START Record excerpts

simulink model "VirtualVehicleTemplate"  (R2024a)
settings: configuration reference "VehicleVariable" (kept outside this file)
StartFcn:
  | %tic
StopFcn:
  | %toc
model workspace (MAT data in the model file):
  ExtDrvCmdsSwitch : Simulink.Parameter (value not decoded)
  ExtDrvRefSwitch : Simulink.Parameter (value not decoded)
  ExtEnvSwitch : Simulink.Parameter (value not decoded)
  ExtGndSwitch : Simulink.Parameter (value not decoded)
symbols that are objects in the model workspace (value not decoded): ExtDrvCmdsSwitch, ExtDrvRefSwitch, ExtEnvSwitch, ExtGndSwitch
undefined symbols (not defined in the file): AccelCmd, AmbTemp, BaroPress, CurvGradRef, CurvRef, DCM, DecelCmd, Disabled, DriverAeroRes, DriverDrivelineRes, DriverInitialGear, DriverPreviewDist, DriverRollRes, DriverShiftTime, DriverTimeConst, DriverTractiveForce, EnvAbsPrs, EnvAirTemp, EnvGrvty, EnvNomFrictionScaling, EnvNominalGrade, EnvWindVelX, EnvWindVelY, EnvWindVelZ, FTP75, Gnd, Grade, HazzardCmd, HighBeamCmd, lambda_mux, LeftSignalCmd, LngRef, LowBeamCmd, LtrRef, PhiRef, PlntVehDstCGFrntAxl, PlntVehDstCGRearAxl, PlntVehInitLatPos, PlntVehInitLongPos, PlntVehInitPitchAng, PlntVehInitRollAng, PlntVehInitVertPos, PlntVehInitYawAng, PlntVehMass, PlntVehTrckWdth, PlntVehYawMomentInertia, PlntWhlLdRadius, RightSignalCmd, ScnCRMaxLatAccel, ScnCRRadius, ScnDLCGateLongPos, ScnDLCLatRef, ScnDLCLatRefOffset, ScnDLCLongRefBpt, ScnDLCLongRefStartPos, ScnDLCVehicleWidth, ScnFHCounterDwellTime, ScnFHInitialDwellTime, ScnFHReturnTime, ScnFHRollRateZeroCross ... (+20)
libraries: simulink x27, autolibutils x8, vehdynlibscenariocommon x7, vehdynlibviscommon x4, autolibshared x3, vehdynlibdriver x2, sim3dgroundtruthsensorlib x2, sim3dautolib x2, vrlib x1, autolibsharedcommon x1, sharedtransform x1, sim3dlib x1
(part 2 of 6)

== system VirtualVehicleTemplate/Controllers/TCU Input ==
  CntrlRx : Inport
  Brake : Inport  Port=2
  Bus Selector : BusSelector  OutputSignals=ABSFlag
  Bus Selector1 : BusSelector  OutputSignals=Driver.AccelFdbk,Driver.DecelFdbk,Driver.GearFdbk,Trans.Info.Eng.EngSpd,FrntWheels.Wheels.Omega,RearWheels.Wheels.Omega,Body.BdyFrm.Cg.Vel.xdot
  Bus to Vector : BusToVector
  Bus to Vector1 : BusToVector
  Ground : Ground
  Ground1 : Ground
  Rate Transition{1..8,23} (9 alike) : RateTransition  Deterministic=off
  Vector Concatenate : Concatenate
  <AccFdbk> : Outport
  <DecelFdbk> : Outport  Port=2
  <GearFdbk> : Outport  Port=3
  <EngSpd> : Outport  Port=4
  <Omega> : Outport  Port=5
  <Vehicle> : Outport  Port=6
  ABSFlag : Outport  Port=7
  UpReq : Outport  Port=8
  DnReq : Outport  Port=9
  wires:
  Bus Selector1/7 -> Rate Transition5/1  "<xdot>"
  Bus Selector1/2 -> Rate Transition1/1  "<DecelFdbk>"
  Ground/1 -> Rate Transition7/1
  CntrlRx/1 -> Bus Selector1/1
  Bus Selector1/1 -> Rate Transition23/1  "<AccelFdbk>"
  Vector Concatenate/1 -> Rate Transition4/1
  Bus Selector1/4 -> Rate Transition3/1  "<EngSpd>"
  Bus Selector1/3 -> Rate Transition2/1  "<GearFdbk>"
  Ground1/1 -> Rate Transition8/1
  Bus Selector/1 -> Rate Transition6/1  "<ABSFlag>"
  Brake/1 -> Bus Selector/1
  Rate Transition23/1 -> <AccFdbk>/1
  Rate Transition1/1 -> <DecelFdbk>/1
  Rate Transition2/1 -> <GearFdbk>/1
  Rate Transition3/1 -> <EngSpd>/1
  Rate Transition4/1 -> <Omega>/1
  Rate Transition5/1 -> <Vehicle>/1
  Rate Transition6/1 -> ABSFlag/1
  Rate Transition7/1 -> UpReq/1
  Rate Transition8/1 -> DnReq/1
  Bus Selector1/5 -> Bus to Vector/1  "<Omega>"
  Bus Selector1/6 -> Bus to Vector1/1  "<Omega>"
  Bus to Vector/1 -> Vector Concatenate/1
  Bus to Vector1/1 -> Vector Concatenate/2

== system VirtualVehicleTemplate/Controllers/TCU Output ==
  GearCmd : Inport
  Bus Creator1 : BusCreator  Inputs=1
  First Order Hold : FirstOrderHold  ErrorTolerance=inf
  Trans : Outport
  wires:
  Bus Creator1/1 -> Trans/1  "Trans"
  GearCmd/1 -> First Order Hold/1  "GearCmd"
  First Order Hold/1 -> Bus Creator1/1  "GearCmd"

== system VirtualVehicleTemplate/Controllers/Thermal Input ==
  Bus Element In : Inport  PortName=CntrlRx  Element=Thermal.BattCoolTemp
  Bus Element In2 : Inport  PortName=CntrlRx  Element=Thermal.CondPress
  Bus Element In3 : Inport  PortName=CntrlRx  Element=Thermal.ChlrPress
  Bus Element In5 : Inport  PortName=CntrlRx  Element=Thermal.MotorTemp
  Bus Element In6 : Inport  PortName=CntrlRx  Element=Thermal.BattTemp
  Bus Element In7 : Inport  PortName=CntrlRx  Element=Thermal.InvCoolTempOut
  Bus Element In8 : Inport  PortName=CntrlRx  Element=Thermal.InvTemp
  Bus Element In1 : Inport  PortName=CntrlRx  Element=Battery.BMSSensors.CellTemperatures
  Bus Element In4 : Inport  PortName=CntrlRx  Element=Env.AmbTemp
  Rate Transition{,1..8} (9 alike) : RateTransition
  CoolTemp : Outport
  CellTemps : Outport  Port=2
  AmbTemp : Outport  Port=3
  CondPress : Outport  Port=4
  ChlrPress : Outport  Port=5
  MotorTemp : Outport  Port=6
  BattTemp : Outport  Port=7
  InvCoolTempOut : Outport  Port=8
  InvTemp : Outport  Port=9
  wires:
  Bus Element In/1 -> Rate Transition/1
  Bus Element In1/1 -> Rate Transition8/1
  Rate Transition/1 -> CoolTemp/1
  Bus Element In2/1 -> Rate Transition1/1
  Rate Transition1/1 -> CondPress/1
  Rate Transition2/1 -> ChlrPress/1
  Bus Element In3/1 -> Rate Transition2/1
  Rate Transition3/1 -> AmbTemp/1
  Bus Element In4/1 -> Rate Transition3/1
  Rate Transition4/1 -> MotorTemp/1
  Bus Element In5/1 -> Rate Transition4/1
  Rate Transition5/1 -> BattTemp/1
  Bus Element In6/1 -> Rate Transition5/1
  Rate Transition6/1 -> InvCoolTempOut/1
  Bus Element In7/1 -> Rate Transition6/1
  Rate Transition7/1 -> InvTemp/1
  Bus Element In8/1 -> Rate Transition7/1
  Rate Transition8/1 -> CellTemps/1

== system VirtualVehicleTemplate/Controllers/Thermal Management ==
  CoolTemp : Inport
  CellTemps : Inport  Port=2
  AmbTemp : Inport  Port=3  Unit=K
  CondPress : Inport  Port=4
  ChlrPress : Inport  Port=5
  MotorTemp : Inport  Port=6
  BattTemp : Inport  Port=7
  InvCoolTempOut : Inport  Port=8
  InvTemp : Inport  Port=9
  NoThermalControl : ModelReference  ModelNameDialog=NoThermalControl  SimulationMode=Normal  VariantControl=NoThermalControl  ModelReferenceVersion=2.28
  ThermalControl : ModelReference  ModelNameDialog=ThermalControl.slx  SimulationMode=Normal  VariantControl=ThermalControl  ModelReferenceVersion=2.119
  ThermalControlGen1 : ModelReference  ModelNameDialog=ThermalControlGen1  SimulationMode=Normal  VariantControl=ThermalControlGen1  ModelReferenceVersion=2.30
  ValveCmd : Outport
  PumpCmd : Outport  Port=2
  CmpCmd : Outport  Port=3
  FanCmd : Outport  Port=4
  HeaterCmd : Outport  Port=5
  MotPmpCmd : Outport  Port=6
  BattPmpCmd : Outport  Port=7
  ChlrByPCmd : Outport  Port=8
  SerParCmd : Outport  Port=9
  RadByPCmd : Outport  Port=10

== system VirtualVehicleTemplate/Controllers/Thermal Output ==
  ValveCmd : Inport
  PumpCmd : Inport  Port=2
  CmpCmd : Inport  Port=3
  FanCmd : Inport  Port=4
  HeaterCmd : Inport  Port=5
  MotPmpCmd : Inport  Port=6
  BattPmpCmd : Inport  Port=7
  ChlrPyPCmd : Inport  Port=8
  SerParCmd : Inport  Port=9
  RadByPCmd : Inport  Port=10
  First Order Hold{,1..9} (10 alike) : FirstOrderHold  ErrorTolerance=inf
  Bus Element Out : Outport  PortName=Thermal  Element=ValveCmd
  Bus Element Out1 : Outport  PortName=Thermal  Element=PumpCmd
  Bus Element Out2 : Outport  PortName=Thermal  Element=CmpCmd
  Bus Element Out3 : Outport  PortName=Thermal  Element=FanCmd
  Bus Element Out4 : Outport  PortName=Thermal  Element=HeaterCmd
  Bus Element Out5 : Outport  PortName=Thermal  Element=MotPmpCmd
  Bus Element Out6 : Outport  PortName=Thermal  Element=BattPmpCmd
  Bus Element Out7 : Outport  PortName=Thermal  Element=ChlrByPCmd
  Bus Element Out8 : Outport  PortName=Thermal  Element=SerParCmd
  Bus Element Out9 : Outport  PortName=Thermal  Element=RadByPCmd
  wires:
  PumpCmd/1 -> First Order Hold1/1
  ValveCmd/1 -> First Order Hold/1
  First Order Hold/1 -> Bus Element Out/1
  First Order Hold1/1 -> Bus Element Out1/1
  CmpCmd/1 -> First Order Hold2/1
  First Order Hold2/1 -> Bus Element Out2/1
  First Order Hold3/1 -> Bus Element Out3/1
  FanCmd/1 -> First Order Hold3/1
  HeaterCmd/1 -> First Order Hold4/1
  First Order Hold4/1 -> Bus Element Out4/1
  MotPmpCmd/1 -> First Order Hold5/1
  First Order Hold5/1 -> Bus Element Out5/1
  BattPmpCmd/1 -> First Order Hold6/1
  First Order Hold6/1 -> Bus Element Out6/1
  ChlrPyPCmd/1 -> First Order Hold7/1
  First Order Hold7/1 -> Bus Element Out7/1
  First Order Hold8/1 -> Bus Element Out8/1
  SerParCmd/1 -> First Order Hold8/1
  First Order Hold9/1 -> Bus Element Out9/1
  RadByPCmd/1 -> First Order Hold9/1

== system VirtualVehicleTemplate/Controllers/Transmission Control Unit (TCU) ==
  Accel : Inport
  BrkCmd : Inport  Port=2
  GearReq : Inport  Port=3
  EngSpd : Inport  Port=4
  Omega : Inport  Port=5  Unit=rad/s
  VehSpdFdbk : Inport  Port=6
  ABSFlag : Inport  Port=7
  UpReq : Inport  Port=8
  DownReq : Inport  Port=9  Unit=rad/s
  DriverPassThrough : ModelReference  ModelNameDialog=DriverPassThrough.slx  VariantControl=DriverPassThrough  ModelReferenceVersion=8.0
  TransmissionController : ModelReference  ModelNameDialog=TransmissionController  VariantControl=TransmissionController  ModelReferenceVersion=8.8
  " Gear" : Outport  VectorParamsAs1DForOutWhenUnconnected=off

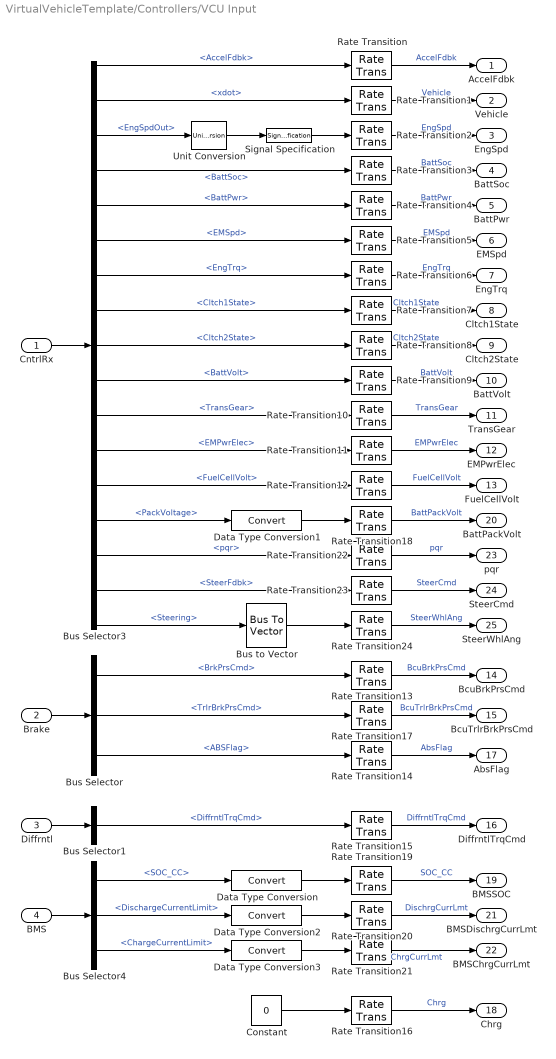
== system VirtualVehicleTemplate/Controllers/VCU Input ==
  CntrlRx : Inport
  Brake : Inport  Port=2
  Diffrntl : Inport  Port=3
  BMS : Inport  Port=4
  Bus Selector : BusSelector  OutputSignals=BrkPrsCmd,TrlrBrkPrsCmd,ABSFlag
  Bus Selector1 : BusSelector  OutputSignals=DiffrntlTrqCmd
  Bus Selector3 : BusSelector  OutputSignals=Driver.AccelFdbk,Body.BdyFrm.Cg.Vel.xdot,Engine.EngSpdOut,Battery.BattInfo.BattSoc,Battery.BattInfo.BattPwr,EM.EMSpd,Engine.EngTrq,Trans.Cltch1State,Trans.Cltch2State,Battery.BattInfo.BattVolt,Trans.Info.Trans.TransGear,EM.EMPwrElec,FuelCell.FuelCellVolt,Battery.BMSSensors.PackVoltage,IMU.pqr,Driver.SteerFdbk,Steering
  Bus Selector4 : BusSelector  OutputSignals=BMSInfo.SOC.SOC_CC,BMSCmd.CurrentLimitsBus.DischargeCurrentLimit,BMSCmd.CurrentLimitsBus.ChargeCurrentLimit
  Bus to Vector : BusToVector
  Constant : Constant  Value=0  SampleTime=-1
  Data Type Conversion{,1..3} (4 alike) : DataTypeConversion  SaturateOnIntegerOverflow=off  RndMeth=Floor
  Rate Transition{,1..24} (25 alike) : RateTransition  Deterministic=off
  Signal Specification : SignalSpecification  Unit=rad/s
  Unit Conversion : UnitConversion
  AccelFdbk : Outport
  Vehicle : Outport  Port=2
  EngSpd : Outport  Port=3
  BattSoc : Outport  Port=4
  BattPwr : Outport  Port=5
  EMSpd : Outport  Port=6
  EngTrq : Outport  Port=7
  Cltch1State : Outport  Port=8
  Cltch2State : Outport  Port=9
  BattVolt : Outport  Port=10
  TransGear : Outport  Port=11
  EMPwrElec : Outport  Port=12
  FuelCellVolt : Outport  Port=13
  BcuBrkPrsCmd : Outport  Port=14
  BcuTrlrBrkPrsCmd : Outport  Port=15
  DiffrntlTrqCmd : Outport  Port=16
  AbsFlag : Outport  Port=17
  Chrg : Outport  Port=18
  BMSSOC : Outport  Port=19
  BattPackVolt : Outport  Port=20
  BMSDischrgCurrLmt : Outport  Port=21
  BMSChrgCurrLmt : Outport  Port=22
  pqr : Outport  Port=23
  SteerCmd : Outport  Port=24
  SteerWhlAng : Outport  Port=25
  wires:
  Bus Selector3/5 -> Rate Transition4/1  "<BattPwr>"
  Bus Selector3/1 -> Rate Transition/1  "<AccelFdbk>"
  Bus Selector3/7 -> Rate Transition6/1  "<EngTrq>"
  Bus Selector3/4 -> Rate Transition3/1  "<BattSoc>"
  Bus Selector3/6 -> Rate Transition5/1  "<EMSpd>"
  CntrlRx/1 -> Bus Selector3/1
  Bus Selector3/11 -> Rate Transition10/1  "<TransGear>"
  Bus Selector3/9 -> Rate Transition8/1  "<Cltch2State>"
  Bus Selector3/13 -> Rate Transition12/1  "<FuelCellVolt>"
  Bus Selector3/2 -> Rate Transition1/1  "<xdot>"
  Bus Selector3/8 -> Rate Transition7/1  "<Cltch1State>"
  Bus Selector3/10 -> Rate Transition9/1  "<BattVolt>"
  Bus Selector3/3 -> Unit Conversion/1  "<EngSpdOut>"
  Bus Selector3/12 -> Rate Transition11/1  "<EMPwrElec>"
  Bus Selector/1 -> Rate Transition13/1  "<BrkPrsCmd>"
  Constant/1 -> Rate Transition16/1
  Brake/1 -> Bus Selector/1
  Bus Selector/3 -> Rate Transition14/1  "<ABSFlag>"
  Diffrntl/1 -> Bus Selector1/1
  Bus Selector1/1 -> Rate Transition15/1  "<DiffrntlTrqCmd>"
  Rate Transition/1 -> AccelFdbk/1  "AccelFdbk"
  Rate Transition1/1 -> Vehicle/1  "Vehicle"
  Rate Transition2/1 -> EngSpd/1  "EngSpd"
  Rate Transition3/1 -> BattSoc/1  "BattSoc"
  Rate Transition4/1 -> BattPwr/1  "BattPwr"
  Rate Transition5/1 -> EMSpd/1  "EMSpd"
  Rate Transition6/1 -> EngTrq/1  "EngTrq"
  Rate Transition7/1 -> Cltch1State/1  "Cltch1State"
  Rate Transition8/1 -> Cltch2State/1  "Cltch2State"
  Rate Transition9/1 -> BattVolt/1  "BattVolt"
  Rate Transition10/1 -> TransGear/1  "TransGear"
  Rate Transition11/1 -> EMPwrElec/1  "EMPwrElec"
  Rate Transition12/1 -> FuelCellVolt/1  "FuelCellVolt"
  Rate Transition13/1 -> BcuBrkPrsCmd/1  "BcuBrkPrsCmd"
  Rate Transition14/1 -> AbsFlag/1  "AbsFlag"
  Rate Transition15/1 -> DiffrntlTrqCmd/1  "DiffrntlTrqCmd"
  Rate Transition16/1 -> Chrg/1  "Chrg"
  Rate Transition20/1 -> BMSDischrgCurrLmt/1  "DischrgCurrLmt"
  Rate Transition19/1 -> BMSSOC/1  "SOC_CC"
  Rate Transition21/1 -> BMSChrgCurrLmt/1  "ChrgCurrLmt"
  Data Type Conversion3/1 -> Rate Transition21/1
  Data Type Conversion2/1 -> Rate Transition20/1
  Bus Selector4/1 -> Data Type Conversion/1  "<SOC_CC>"
  Data Type Conversion/1 -> Rate Transition19/1
  Bus Selector4/3 -> Data Type Conversion3/1  "<ChargeCurrentLimit>"
  Bus Selector4/2 -> Data Type Conversion2/1  "<DischargeCurrentLimit>"
  BMS/1 -> Bus Selector4/1
  Data Type Conversion1/1 -> Rate Transition18/1
  Rate Transition18/1 -> BattPackVolt/1  "BattPackVolt"
  Bus Selector3/14 -> Data Type Conversion1/1  "<PackVoltage>"
  Bus Selector/2 -> Rate Transition17/1  "<TrlrBrkPrsCmd>"
  Rate Transition17/1 -> BcuTrlrBrkPrsCmd/1  "BcuTrlrBrkPrsCmd"
  Rate Transition22/1 -> pqr/1  "pqr"
  Rate Transition23/1 -> SteerCmd/1  "SteerCmd"
  Rate Transition24/1 -> SteerWhlAng/1  "SteerWhlAng"
  Bus Selector3/15 -> Rate Transition22/1  "<pqr>"
  Bus Selector3/16 -> Rate Transition23/1  "<SteerFdbk>"
  Bus Selector3/17 -> Bus to Vector/1  "<Steering>"
  Unit Conversion/1 -> Signal Specification/1
  Signal Specification/1 -> Rate Transition2/1
  Bus to Vector/1 -> Rate Transition24/1

== system VirtualVehicleTemplate/Controllers/VCU Output ==
  EngTrqCmd : Inport
  EMTrqCmd : Inport  Port=2
  VcuBrkPrsCmd : Inport  Port=3
  VcuTrlrBrkPrsCmd : Inport  Port=4
  Cltch1Cmd : Inport  Port=5
  Neutral : Inport  Port=6
  FuelCellCurrCmd : Inport  Port=7
  FuelCellTempCmd : Inport  Port=8
  First Order Hold{,1..2,4..7} (7 alike) : FirstOrderHold  ErrorTolerance=inf
  First Order Hold3 : FirstOrderHold  ErrorTolerance=inf  AllowContinuousInput=on
  Out Bus Element : Outport  PortName=Vcu  Element=EngTrqCmd
  Out Bus Element1 : Outport  PortName=Vcu  Element=EMTrqCmd
  Out Bus Element2 : Outport  PortName=Vcu  Element=VcuBrkPrsCmd
  Out Bus Element3 : Outport  PortName=Vcu  Element=VcuTrlrBrkPrsCmd
  Out Bus Element4 : Outport  PortName=Vcu  Element=Cltch1Cmd
  Out Bus Element5 : Outport  PortName=Vcu  Element=Neutral
  Out Bus Element6 : Outport  PortName=Vcu  Element=FuelCellCurrCmd
  Out Bus Element7 : Outport  PortName=Vcu  Element=FuelCellTempCmd
  Out Bus Element8 : Outport  Port=2  PortName=VcuFdbk  Element=EngTrqCmd
  Out Bus Element9 : Outport  Port=2  PortName=VcuFdbk  Element=EMTrqCmd
  Out Bus Element10 : Outport  Port=2  PortName=VcuFdbk  Element=VcuBrkPrsCmd
  Out Bus Element11 : Outport  Port=2  PortName=VcuFdbk  Element=VcuTrlrBrkPrsCmd
  Out Bus Element12 : Outport  Port=2  PortName=VcuFdbk  Element=Cltch1Cmd
  Out Bus Element13 : Outport  Port=2  PortName=VcuFdbk  Element=Neutral
  Out Bus Element14 : Outport  Port=2  PortName=VcuFdbk  Element=FuelCellCurrCmd
  Out Bus Element15 : Outport  Port=2  PortName=VcuFdbk  Element=FuelCellTempCmd
  wires:
  Cltch1Cmd/1 -> Out Bus Element12/1, First Order Hold4/1  "Cltch1Cmd"
  EngTrqCmd/1 -> Out Bus Element8/1, First Order Hold/1  "EngTrqCmd"
  VcuBrkPrsCmd/1 -> Out Bus Element10/1, First Order Hold2/1  "VcuBrkPrsCmd"
  Neutral/1 -> Out Bus Element13/1, First Order Hold5/1  "Neutral"
  FuelCellCurrCmd/1 -> Out Bus Element14/1, First Order Hold6/1  "FuelCellCurrCmd"
  EMTrqCmd/1 -> Out Bus Element9/1, First Order Hold1/1  "EMTrqCmd"
  FuelCellTempCmd/1 -> Out Bus Element15/1, First Order Hold7/1  "FuelCellTempCmd"
  VcuTrlrBrkPrsCmd/1 -> Out Bus Element11/1, First Order Hold3/1  "VcuTrlrBrkPrsCmd"
  First Order Hold/1 -> Out Bus Element/1
  First Order Hold1/1 -> Out Bus Element1/1
  First Order Hold2/1 -> Out Bus Element2/1
  First Order Hold3/1 -> Out Bus Element3/1
  First Order Hold4/1 -> Out Bus Element4/1
  First Order Hold5/1 -> Out Bus Element5/1
  First Order Hold6/1 -> Out Bus Element6/1
  First Order Hold7/1 -> Out Bus Element7/1

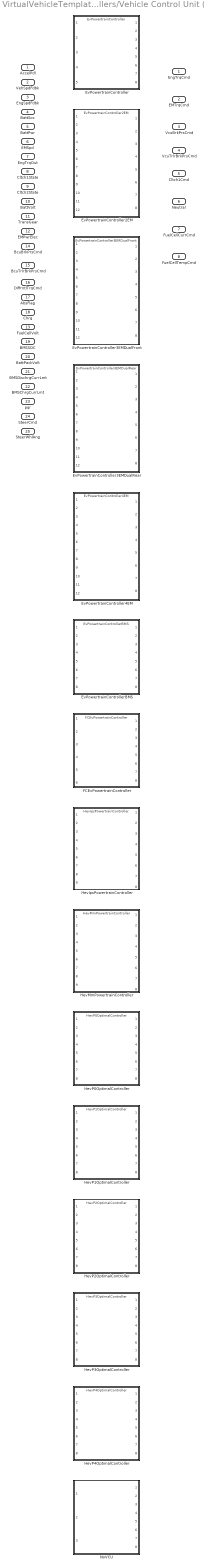
== system VirtualVehicleTemplate/Controllers/Vehicle Control Unit (VCU) ==
  AccelPdl : Inport
  VehSpdFdbk : Inport  Port=2
  EngSpdFdbk : Inport  Port=3
  BattSoc : Inport  Port=4
  BattPwr : Inport  Port=5
  EMSpd : Inport  Port=6
  EngTrqOut : Inport  Port=7
  Cltch1State : Inport  Port=8
  Cltch2State : Inport  Port=9
  BattVolt : Inport  Port=10
  TransGear : Inport  Port=11
  EMPwrElec : Inport  Port=12
  FuelCellVolt : Inport  Port=13
  BcuBrkPrsCmd : Inport  Port=14
  BcuTrlrBrkPrsCmd : Inport  Port=15
  DiffrntlTrqCmd : Inport  Port=16
  AbsFlag : Inport  Port=17
  Chrg : Inport  Port=18
  BMSSOC : Inport  Port=19
  BattPackVolt : Inport  Port=20
  BMSDischrgCurrLmt : Inport  Port=21
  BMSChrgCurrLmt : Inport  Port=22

END Record excerpts

Whenever a line of the data includes "xdot", copy that line.

  Bus Selector1 : BusSelector  OutputSignals=Driver.AccelFdbk,Driver.DecelFdbk,Driver.GearFdbk,Trans.Info.Eng.EngSpd,FrntWheels.Wheels.Omega,RearWheels.Wheels.Omega,Body.BdyFrm.Cg.Vel.xdot
  Bus Selector1/7 -> Rate Transition5/1  "<xdot>"
  Bus Selector3 : BusSelector  OutputSignals=Driver.AccelFdbk,Body.BdyFrm.Cg.Vel.xdot,Engine.EngSpdOut,Battery.BattInfo.BattSoc,Battery.BattInfo.BattPwr,EM.EMSpd,Engine.EngTrq,Trans.Cltch1State,Trans.Cltch2State,Battery.BattInfo.BattVolt,Trans.Info.Trans.TransGear,EM.EMPwrElec,FuelCell.FuelCellVolt,Battery.BMSSensors.PackVoltage,IMU.pqr,Driver.SteerFdbk,Steering
  Bus Selector3/2 -> Rate Transition1/1  "<xdot>"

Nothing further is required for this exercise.